What do you other bass guys and gals use and why? ? ?


----------



## oufisherman (Apr 10, 2004)

I usually have 3 poles with me and a large tacklebox when I go bass fishing, even on ponds (which my wife makes fun of me)! I started using an ultralight this year for small rapalas, spinners, 4 inch lizards, etc. This set-up is great for throwing the lighter lures and it's a blast to fight a big old bass on it. 
I have a medium-light action rod with spinning reel and 8 pound test. I use this to throw 6 inch lizards, smaller crankbaits, spinnerbaits, topwaters, etc. I also have a medium-heavy action rod with spinning reel and 10 pound test. I use this for heavier crankbaits, topwaters, plastic lizards at times, and smallmouth fishing with tubes. 
Sometimes I will take along my bait-caster outfit with 12 pound test for throwing spinnerbaits and crankbaits that are just a little too heavy for the spinning reels.

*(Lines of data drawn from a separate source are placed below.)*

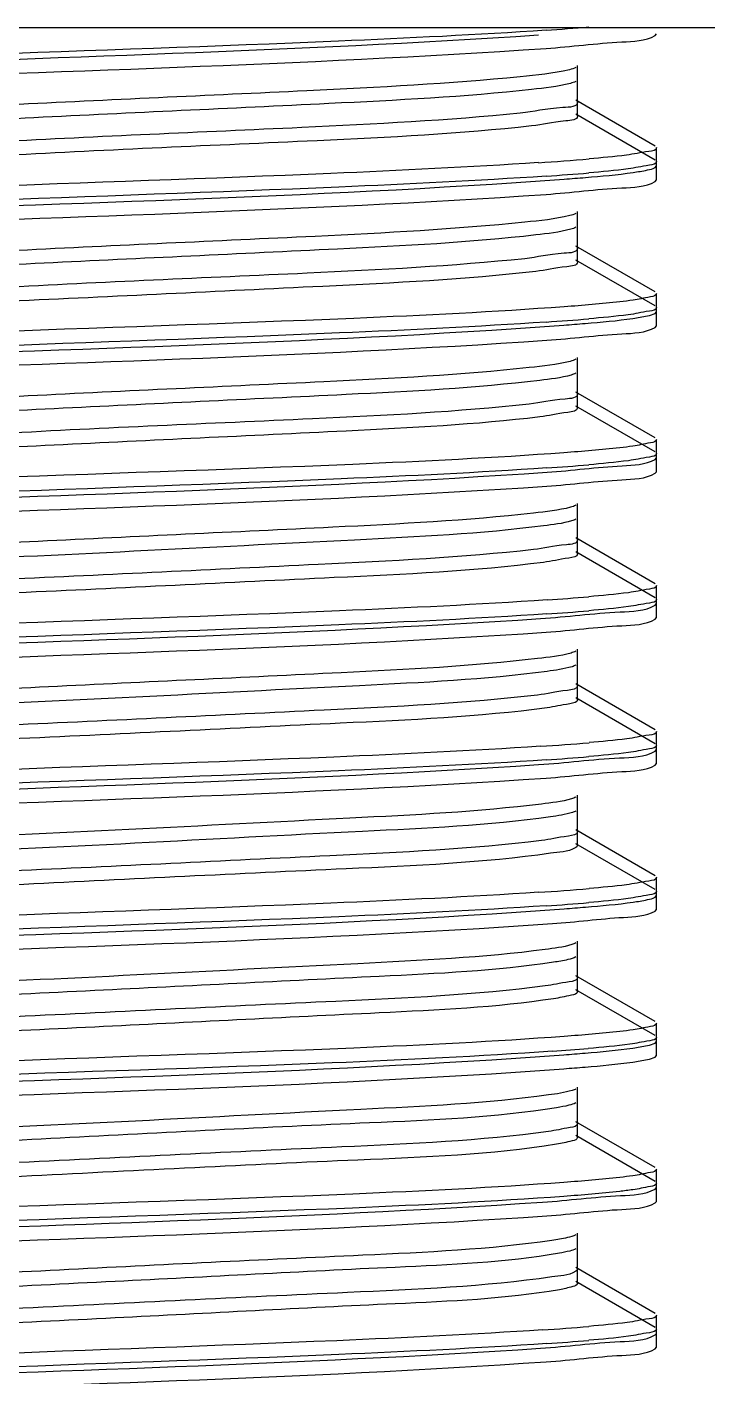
# Model space of a CAD drawing. Extents: x 1382187 to 1725648, y 860327 to 1571294.
# Drawn here: x 1506796.3 to 1506907.2, y 1253386.6 to 1253606.8 of the extents above; entities that cross this region are included whole.
import ezdxf

# ---------------------------------------------------------------- set-up
doc = ezdxf.new("R2010")
doc.units = 0
doc.header["$LTSCALE"] = 1000
doc.header["$MEASUREMENT"] = 0
doc.layers.add('bz', color=2, linetype='Continuous')

msp = doc.modelspace()

# ---------------------------------------------------------------- linework, layer by layer
at = {"linetype": 'Continuous'}
for p, q in [((1506898.74, 1253605.36), (1506898.96, 1253605.62)), ((1506886.07, 1253594.5), (1506886.07, 1253600.46)), ((1506886.07, 1253592.22), (1506886.07, 1253598.18)), ((1506898.74, 1253587.32), (1506885.81, 1253594.8)), ((1506898.74, 1253585.04), (1506885.81, 1253592.53)), ((1506898.96, 1253584.08), (1506898.96, 1253587.06)), ((1506898.96, 1253584.08), (1506898.96, 1253587.06)), ((1506898.74, 1253583.82), (1506898.96, 1253584.08)), ((1506898.96, 1253581.81), (1506898.96, 1253584.78)), ((1506898.74, 1253581.54), (1506898.96, 1253581.81)), ((1506886.07, 1253570.69), (1506886.07, 1253576.64)), ((1506886.07, 1253568.41), (1506886.07, 1253574.36)), ((1506898.74, 1253563.51), (1506885.81, 1253570.99)), ((1506898.74, 1253561.23), (1506885.81, 1253568.71)), ((1506898.96, 1253560.27), (1506898.96, 1253563.25)), ((1506898.96, 1253560.27), (1506898.96, 1253563.25)), ((1506898.96, 1253557.99), (1506898.96, 1253560.97)), ((1506898.96, 1253557.99), (1506898.96, 1253560.97)), ((1506898.74, 1253560.01), (1506898.96, 1253560.27)), ((1506898.74, 1253557.73), (1506898.96, 1253557.99)), ((1506886.07, 1253546.88), (1506886.07, 1253552.83)), ((1506886.07, 1253544.6), (1506886.07, 1253550.55)), ((1506898.74, 1253539.7), (1506885.81, 1253547.18)), ((1506898.74, 1253537.42), (1506885.81, 1253544.9)), ((1506898.96, 1253536.46), (1506898.96, 1253539.44)), ((1506898.96, 1253536.46), (1506898.96, 1253539.44)), ((1506898.74, 1253536.2), (1506898.96, 1253536.46)), ((1506898.96, 1253534.18), (1506898.96, 1253537.16)), ((1506898.96, 1253534.18), (1506898.96, 1253537.16)), ((1506898.74, 1253533.92), (1506898.96, 1253534.18)), ((1506886.07, 1253523.06), (1506886.07, 1253529.02)), ((1506886.07, 1253520.79), (1506886.07, 1253526.74)), ((1506898.74, 1253515.88), (1506885.81, 1253523.37)), ((1506898.74, 1253513.6), (1506885.81, 1253521.09)), ((1506898.96, 1253512.65), (1506898.96, 1253515.62)), ((1506898.96, 1253512.65), (1506898.96, 1253515.62)), ((1506898.74, 1253512.39), (1506898.96, 1253512.65)), ((1506898.96, 1253510.37), (1506898.96, 1253513.34)), ((1506898.96, 1253510.37), (1506898.96, 1253513.34)), ((1506898.74, 1253510.11), (1506898.96, 1253510.37)), ((1506886.07, 1253499.25), (1506886.07, 1253505.2)), ((1506886.07, 1253496.97), (1506886.07, 1253502.93)), ((1506898.74, 1253492.07), (1506885.81, 1253499.55)), ((1506898.74, 1253489.79), (1506885.81, 1253497.27)), ((1506898.96, 1253488.83), (1506898.96, 1253491.81)), ((1506898.96, 1253488.83), (1506898.96, 1253491.81)), ((1506898.74, 1253488.57), (1506898.96, 1253488.83)), ((1506898.96, 1253486.55), (1506898.96, 1253489.53)), ((1506898.96, 1253486.55), (1506898.96, 1253489.53)), ((1506898.74, 1253486.29), (1506898.96, 1253486.55)), ((1506886.07, 1253475.44), (1506886.07, 1253481.39)), ((1506886.07, 1253473.16), (1506886.07, 1253479.11)), ((1506898.74, 1253468.26), (1506885.81, 1253475.74)), ((1506898.74, 1253465.98), (1506885.81, 1253473.46)), ((1506898.96, 1253465.02), (1506898.96, 1253468)), ((1506898.96, 1253465.02), (1506898.96, 1253468)), ((1506898.74, 1253464.76), (1506898.96, 1253465.02)), ((1506898.96, 1253462.74), (1506898.96, 1253465.72)), ((1506898.96, 1253462.74), (1506898.96, 1253465.72)), ((1506898.74, 1253462.48), (1506898.96, 1253462.74)), ((1506886.07, 1253451.63), (1506886.07, 1253457.58)), ((1506886.07, 1253449.35), (1506886.07, 1253455.3)), ((1506898.74, 1253444.45), (1506885.81, 1253451.93)), ((1506898.74, 1253442.17), (1506885.81, 1253449.65)), ((1506898.96, 1253441.21), (1506898.96, 1253444.18)), ((1506898.96, 1253438.93), (1506898.96, 1253441.91)), ((1506898.96, 1253438.93), (1506898.96, 1253441.91)), ((1506898.74, 1253440.95), (1506898.96, 1253441.21)), ((1506898.74, 1253438.67), (1506898.96, 1253438.93)), ((1506886.07, 1253427.81), (1506886.07, 1253433.77)), ((1506886.07, 1253425.53), (1506886.07, 1253431.49)), ((1506898.74, 1253420.63), (1506885.81, 1253428.11)), ((1506898.74, 1253418.35), (1506885.81, 1253425.84)), ((1506898.96, 1253417.39), (1506898.96, 1253420.37)), ((1506898.96, 1253417.39), (1506898.96, 1253420.37)), ((1506898.96, 1253415.12), (1506898.96, 1253418.09)), ((1506898.96, 1253415.12), (1506898.96, 1253418.09)), ((1506898.74, 1253417.13), (1506898.96, 1253417.39)), ((1506898.74, 1253414.86), (1506898.96, 1253415.12)), ((1506886.07, 1253404), (1506886.07, 1253409.95)), ((1506886.07, 1253401.72), (1506886.07, 1253407.67)), ((1506898.74, 1253396.82), (1506885.81, 1253404.3)), ((1506898.74, 1253394.54), (1506885.81, 1253402.02)), ((1506898.96, 1253393.58), (1506898.96, 1253396.56)), ((1506898.96, 1253393.58), (1506898.96, 1253396.56)), ((1506898.74, 1253393.32), (1506898.96, 1253393.58)), ((1506898.96, 1253391.3), (1506898.96, 1253394.28)), ((1506898.96, 1253391.3), (1506898.96, 1253394.28)), ((1506898.74, 1253391.04), (1506898.96, 1253391.3))]:
    msp.add_line(p, q, dxfattribs=at)
for centre, radius, start, end in [((1506853.6, 1254015.01), 409.69, 273.8314, 274.8033), ((1506851.94, 1254014.48), 430.77, 273.6985, 274.7995), ((1506853.57, 1253991.62), 410.12, 273.8286, 274.8033), ((1506853.59, 1253967.55), 409.86, 273.8303, 274.8033), ((1506853.71, 1253942.19), 408.31, 273.8405, 274.8036), ((1506853.82, 1253919.27), 406.92, 273.85, 274.8032), ((1506853.69, 1253918.6), 408.54, 273.8391, 274.8035), ((1506852.34, 1253914.17), 425.7, 273.7304, 274.8001), ((1506853.61, 1253895.92), 409.67, 273.8316, 274.8033), ((1506851.95, 1253895.26), 430.61, 273.6995, 274.7995), ((1506853.57, 1253872.55), 410.12, 273.8286, 274.8033), ((1506854.94, 1253831.56), 392.88, 273.9474, 274.8034), ((1506852.76, 1253813.56), 420.32, 273.7644, 274.8009), ((1506853.7, 1253799.49), 408.49, 273.8394, 274.8035)]:
    msp.add_arc(centre, radius, start, end, dxfattribs=at)
for points, knots in [([(1506880.98, 1253606.23), (1506869.7, 1253605.46), (1506818.2, 1253602.98), (1506766.63, 1253601.79), (1506726.46, 1253599.06)], [0, 0, 0, 0, 0.219184, 1, 1, 1, 1]), ([(1506726.88, 1253598.39), (1506738.02, 1253599.14), (1506788.97, 1253601.59), (1506839.98, 1253602.82), (1506879.73, 1253605.45)], [0, 0, 0, 0, 0.21895, 1, 1, 1, 1]), ([(1506880.95, 1253603.25), (1506885.07, 1253603.53), (1506890.84, 1253604.33), (1506897.13, 1253604.44), (1506898.74, 1253605.36)], [0, 0, 0, 0, 0.690321, 1, 1, 1, 1]), ([(1506726.64, 1253596.09), (1506737.93, 1253596.86), (1506789.37, 1253599.33), (1506840.87, 1253600.52), (1506880.95, 1253603.25)], [0, 0, 0, 0, 0.219667, 1, 1, 1, 1]), ([(1506876.73, 1253598.63), (1506865.17, 1253597.48), (1506837.41, 1253596.06), (1506794.7, 1253594.22), (1506755.31, 1253591.88), (1506731.82, 1253591.08), (1506723.57, 1253589.43)], [0, 0, 0, 0, 0.227134, 0.54316, 0.83546, 1, 1, 1, 1]), ([(1506885.81, 1253600.15), (1506885.49, 1253599.96), (1506882.47, 1253599.16), (1506879.42, 1253598.9), (1506876.73, 1253598.63)], [0, 0, 0, 0, 0.123019, 1, 1, 1, 1]), ([(1506878.6, 1253596.55), (1506867.61, 1253595.34), (1506840.52, 1253593.97), (1506798.16, 1253592.04), (1506757.85, 1253589.84), (1506733.42, 1253588.83), (1506724.48, 1253587.32)], [0, 0, 0, 0, 0.214725, 0.5266, 0.823844, 1, 1, 1, 1]), ([(1506885.81, 1253597.88), (1506885.54, 1253597.72), (1506883.16, 1253597.01), (1506880.72, 1253596.78), (1506878.6, 1253596.55)], [0, 0, 0, 0, 0.128762, 1, 1, 1, 1]), ([(1506886.07, 1253594.5), (1506886.08, 1253593.66), (1506881.26, 1253593.63), (1506879.07, 1253592.91), (1506876.73, 1253592.68)], [0, 0, 0, 0, 0.265504, 1, 1, 1, 1]), ([(1506876.73, 1253592.68), (1506864.89, 1253591.5), (1506836.51, 1253590.05), (1506793.07, 1253588.28), (1506753.78, 1253585.63), (1506730.53, 1253585.23), (1506722.78, 1253583.3)], [0, 0, 0, 0, 0.231431, 0.552554, 0.844673, 1, 1, 1, 1]), ([(1506886.07, 1253592.22), (1506886.08, 1253591.54), (1506882.26, 1253591.35), (1506880.47, 1253590.8), (1506878.6, 1253590.6)], [0, 0, 0, 0, 0.267411, 1, 1, 1, 1]), ([(1506878.6, 1253590.6), (1506866.97, 1253589.31), (1506838.42, 1253587.88), (1506794.35, 1253586.1), (1506754.2, 1253583.23), (1506730.31, 1253583.09), (1506722.53, 1253580.96)], [0, 0, 0, 0, 0.224296, 0.548086, 0.845183, 1, 1, 1, 1]), ([(1506898.96, 1253587.06), (1506898.96, 1253586.6), (1506896.52, 1253586.33), (1506895.3, 1253586), (1506894.07, 1253585.84)], [0, 0, 0, 0, 0.270547, 1, 1, 1, 1]), ([(1506879.73, 1253584.61), (1506868.45, 1253583.87), (1506817.5, 1253581.43), (1506766.49, 1253580.22), (1506726.88, 1253577.55)], [0, 0, 0, 0, 0.221631, 1, 1, 1, 1]), ([(1506883.92, 1253581.93), (1506885.07, 1253582.01), (1506888.81, 1253582.3), (1506892.55, 1253582.64), (1506895.13, 1253583.01)], [0, 0, 0, 0, 0.30753, 1, 1, 1, 1]), ([(1506898.96, 1253584.78), (1506898.96, 1253584.35), (1506896.67, 1253584.06), (1506895.51, 1253583.75), (1506894.36, 1253583.6)], [0, 0, 0, 0, 0.271487, 1, 1, 1, 1]), ([(1506895.13, 1253583.01), (1506895.91, 1253583.12), (1506897.12, 1253583.33), (1506898.35, 1253583.6), (1506898.74, 1253583.82)], [0, 0, 0, 0, 0.642805, 1, 1, 1, 1]), ([(1506723.92, 1253574.37), (1506735.44, 1253575.21), (1506788.77, 1253577.8), (1506842.18, 1253578.85), (1506883.92, 1253581.93)], [0, 0, 0, 0, 0.216226, 1, 1, 1, 1]), ([(1506880.95, 1253582.41), (1506869.7, 1253581.65), (1506818.26, 1253579.17), (1506766.76, 1253577.97), (1506726.64, 1253575.26)], [0, 0, 0, 0, 0.219063, 1, 1, 1, 1]), ([(1506880.97, 1253579.44), (1506885.08, 1253579.72), (1506890.85, 1253580.52), (1506897.13, 1253580.62), (1506898.74, 1253581.54)], [0, 0, 0, 0, 0.690305, 1, 1, 1, 1]), ([(1506726.9, 1253572.3), (1506738.2, 1253573.06), (1506789.56, 1253575.52), (1506840.98, 1253576.72), (1506880.97, 1253579.44)], [0, 0, 0, 0, 0.220288, 1, 1, 1, 1]), ([(1506885.81, 1253576.34), (1506885.51, 1253576.16), (1506882.75, 1253575.4), (1506879.94, 1253575.15), (1506877.49, 1253574.9)], [0, 0, 0, 0, 0.125047, 1, 1, 1, 1]), ([(1506877.49, 1253574.9), (1506866.12, 1253573.72), (1506838.55, 1253572.31), (1506795.89, 1253570.44), (1506756.13, 1253568.15), (1506732.3, 1253567.27), (1506723.81, 1253565.67)], [0, 0, 0, 0, 0.222673, 0.537557, 0.831783, 1, 1, 1, 1]), ([(1506885.81, 1253574.06), (1506885.56, 1253573.92), (1506883.41, 1253573.26), (1506881.19, 1253573.03), (1506879.27, 1253572.81)], [0, 0, 0, 0, 0.131376, 1, 1, 1, 1]), ([(1506879.27, 1253572.81), (1506868.54, 1253571.57), (1506841.77, 1253570.23), (1506799.62, 1253568.28), (1506758.98, 1253566.13), (1506734.17, 1253565.03), (1506724.95, 1253563.58)], [0, 0, 0, 0, 0.209641, 0.51959, 0.818764, 1, 1, 1, 1]), ([(1506886.07, 1253570.69), (1506886.08, 1253569.91), (1506881.66, 1253569.81), (1506879.63, 1253569.17), (1506877.49, 1253568.94)], [0, 0, 0, 0, 0.265995, 1, 1, 1, 1]), ([(1506877.49, 1253568.94), (1506865.69, 1253567.72), (1506837.15, 1253566.27), (1506793.35, 1253564.51), (1506753.75, 1253561.72), (1506730.28, 1253561.5), (1506722.59, 1253559.44)], [0, 0, 0, 0, 0.229278, 0.552136, 0.84614, 1, 1, 1, 1]), ([(1506886.07, 1253568.41), (1506886.08, 1253567.78), (1506882.62, 1253567.54), (1506880.97, 1253567.06), (1506879.27, 1253566.86)], [0, 0, 0, 0, 0.268548, 1, 1, 1, 1]), ([(1506879.27, 1253566.86), (1506867.74, 1253565.53), (1506839.09, 1253564.18), (1506794.87, 1253561.97), (1506756.85, 1253560.44), (1506733.24, 1253558.52), (1506725.1, 1253557.89), (1506722.41, 1253557.11)], [0, 0, 0, 0, 0.221551, 0.546609, 0.845708, 0.946505, 1, 1, 1, 1]), ([(1506898.96, 1253563.25), (1506898.96, 1253562.88), (1506897.08, 1253562.56), (1506896.09, 1253562.31), (1506895.13, 1253562.17)], [0, 0, 0, 0, 0.274618, 1, 1, 1, 1]), ([(1506883.92, 1253561.09), (1506872.49, 1253560.25), (1506819.15, 1253557.64), (1506765.74, 1253556.58), (1506723.92, 1253553.53)], [0, 0, 0, 0, 0.214646, 1, 1, 1, 1]), ([(1506895.13, 1253562.17), (1506894.42, 1253562.07), (1506890.69, 1253561.61), (1506886.94, 1253561.31), (1506883.92, 1253561.09)], [0, 0, 0, 0, 0.1913, 1, 1, 1, 1]), ([(1506898.96, 1253560.97), (1506898.96, 1253560.54), (1506896.67, 1253560.25), (1506895.52, 1253559.94), (1506894.36, 1253559.79)], [0, 0, 0, 0, 0.2715, 1, 1, 1, 1]), ([(1506880.97, 1253558.6), (1506869.75, 1253557.84), (1506818.39, 1253555.36), (1506766.98, 1253554.16), (1506726.9, 1253551.46)], [0, 0, 0, 0, 0.218766, 1, 1, 1, 1]), ([(1506883.86, 1253558.11), (1506885.01, 1253558.19), (1506888.77, 1253558.49), (1506892.53, 1253558.82), (1506895.11, 1253559.19)], [0, 0, 0, 0, 0.307512, 1, 1, 1, 1]), ([(1506895.11, 1253559.19), (1506895.9, 1253559.3), (1506897.11, 1253559.51), (1506898.35, 1253559.79), (1506898.74, 1253560.01)], [0, 0, 0, 0, 0.642967, 1, 1, 1, 1]), ([(1506723.75, 1253550.54), (1506735.25, 1253551.38), (1506788.62, 1253553.99), (1506842.07, 1253555.03), (1506883.86, 1253558.11)], [0, 0, 0, 0, 0.215717, 1, 1, 1, 1]), ([(1506881.06, 1253555.63), (1506885.15, 1253555.91), (1506890.89, 1253556.7), (1506897.14, 1253556.82), (1506898.74, 1253557.73)], [0, 0, 0, 0, 0.690212, 1, 1, 1, 1]), ([(1506727.3, 1253548.51), (1506738.63, 1253549.27), (1506789.88, 1253551.72), (1506841.2, 1253552.91), (1506881.06, 1253555.63)], [0, 0, 0, 0, 0.221286, 1, 1, 1, 1]), ([(1506885.81, 1253552.53), (1506885.53, 1253552.36), (1506883.02, 1253551.64), (1506880.45, 1253551.4), (1506878.21, 1253551.16)], [0, 0, 0, 0, 0.127384, 1, 1, 1, 1]), ([(1506878.21, 1253551.16), (1506867.08, 1253549.96), (1506839.82, 1253548.58), (1506797.35, 1253546.67), (1506757.23, 1253544.44), (1506733.01, 1253543.47), (1506724.23, 1253541.93)], [0, 0, 0, 0, 0.217563, 0.530512, 0.826679, 1, 1, 1, 1]), ([(1506885.81, 1253550.25), (1506885.58, 1253550.12), (1506883.65, 1253549.5), (1506881.64, 1253549.29), (1506879.91, 1253549.08)], [0, 0, 0, 0, 0.13419, 1, 1, 1, 1]), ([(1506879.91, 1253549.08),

I tried the Spiderwire but didn't care for it. I now stick with mono and get 700 yards from Wal-Mart for just over $2. It does the job just fine for me!


----------



## jigmaster (May 1, 2004)

1 Flipping rod 7"6 20lb testBig Game for you guest it jigs
1 Flipping rod 7"6 20 lb test Big Game for tubes, worms, craws 
1 spinning rod medium 7" 10 lb test tubes for erie
1 spinning rod medium 6"6----------tubes for erie, worms small jigs 
1 medium rod baitcaster 6"6 12 lb Big Game spinnerbaits
1 medium rod baitcaster 6"6 ------------- jerkbaits
1 medium rod baitcaster 7" --------------buzzbaits
1 medium rod baitcaster 7"----------------crankbaits
1 medium rod baitcaster 6"3 --------------crankbaits
1 medium light baitcaster 6"6 -------------crankbaits


----------



## Bassmastr (Jun 8, 2004)

For flippin, I use a 6'6 MH rod with 17 lb test mono..that's plenty. For a crankbait, I like to use a 6'6 M action rod with a soft tip and a strong backbone. Braided line is very strong and like you said, very sensitive.


----------



## Bassmastr (Jun 8, 2004)

Looks like you do some pretty serious bass fishing jig. Good luck!!!


----------



## ParmaBass (Apr 11, 2004)

Started using Power Pro 30lb. w/ 8lb. diameter. Really liking it so far. Don't care for spiderwire either it's to limp, difficult to tie at times.


----------



## wackyworm (May 1, 2004)

I always go back to clear/blue Stren of different test. I did try the Spider Mono 6lb on my ultra light and am liking it.


----------



## Bnichs (May 24, 2004)

I have 2 Baitcasters that Currently have 15lb P-Line Copolymer stuff on them.
2 more baitcasters with Original Stren in 12lb
a Flipping Rod with 65# Spiderwire Stealth on it

The spinning rods have either 8 or 10lb Original Stren on them.

Brandon


----------



## ncraft150 (Apr 5, 2004)

I still have some Berkley Pro Select left that I like. It's a pitty they stopped making it. I like the Stren Heavy Cover. I use 10# on cranks and jerkbaits, 12# on spinnerbaits and surface lures, and 17# for flippin. My spinning reels have 6# Berkley Fireline.


----------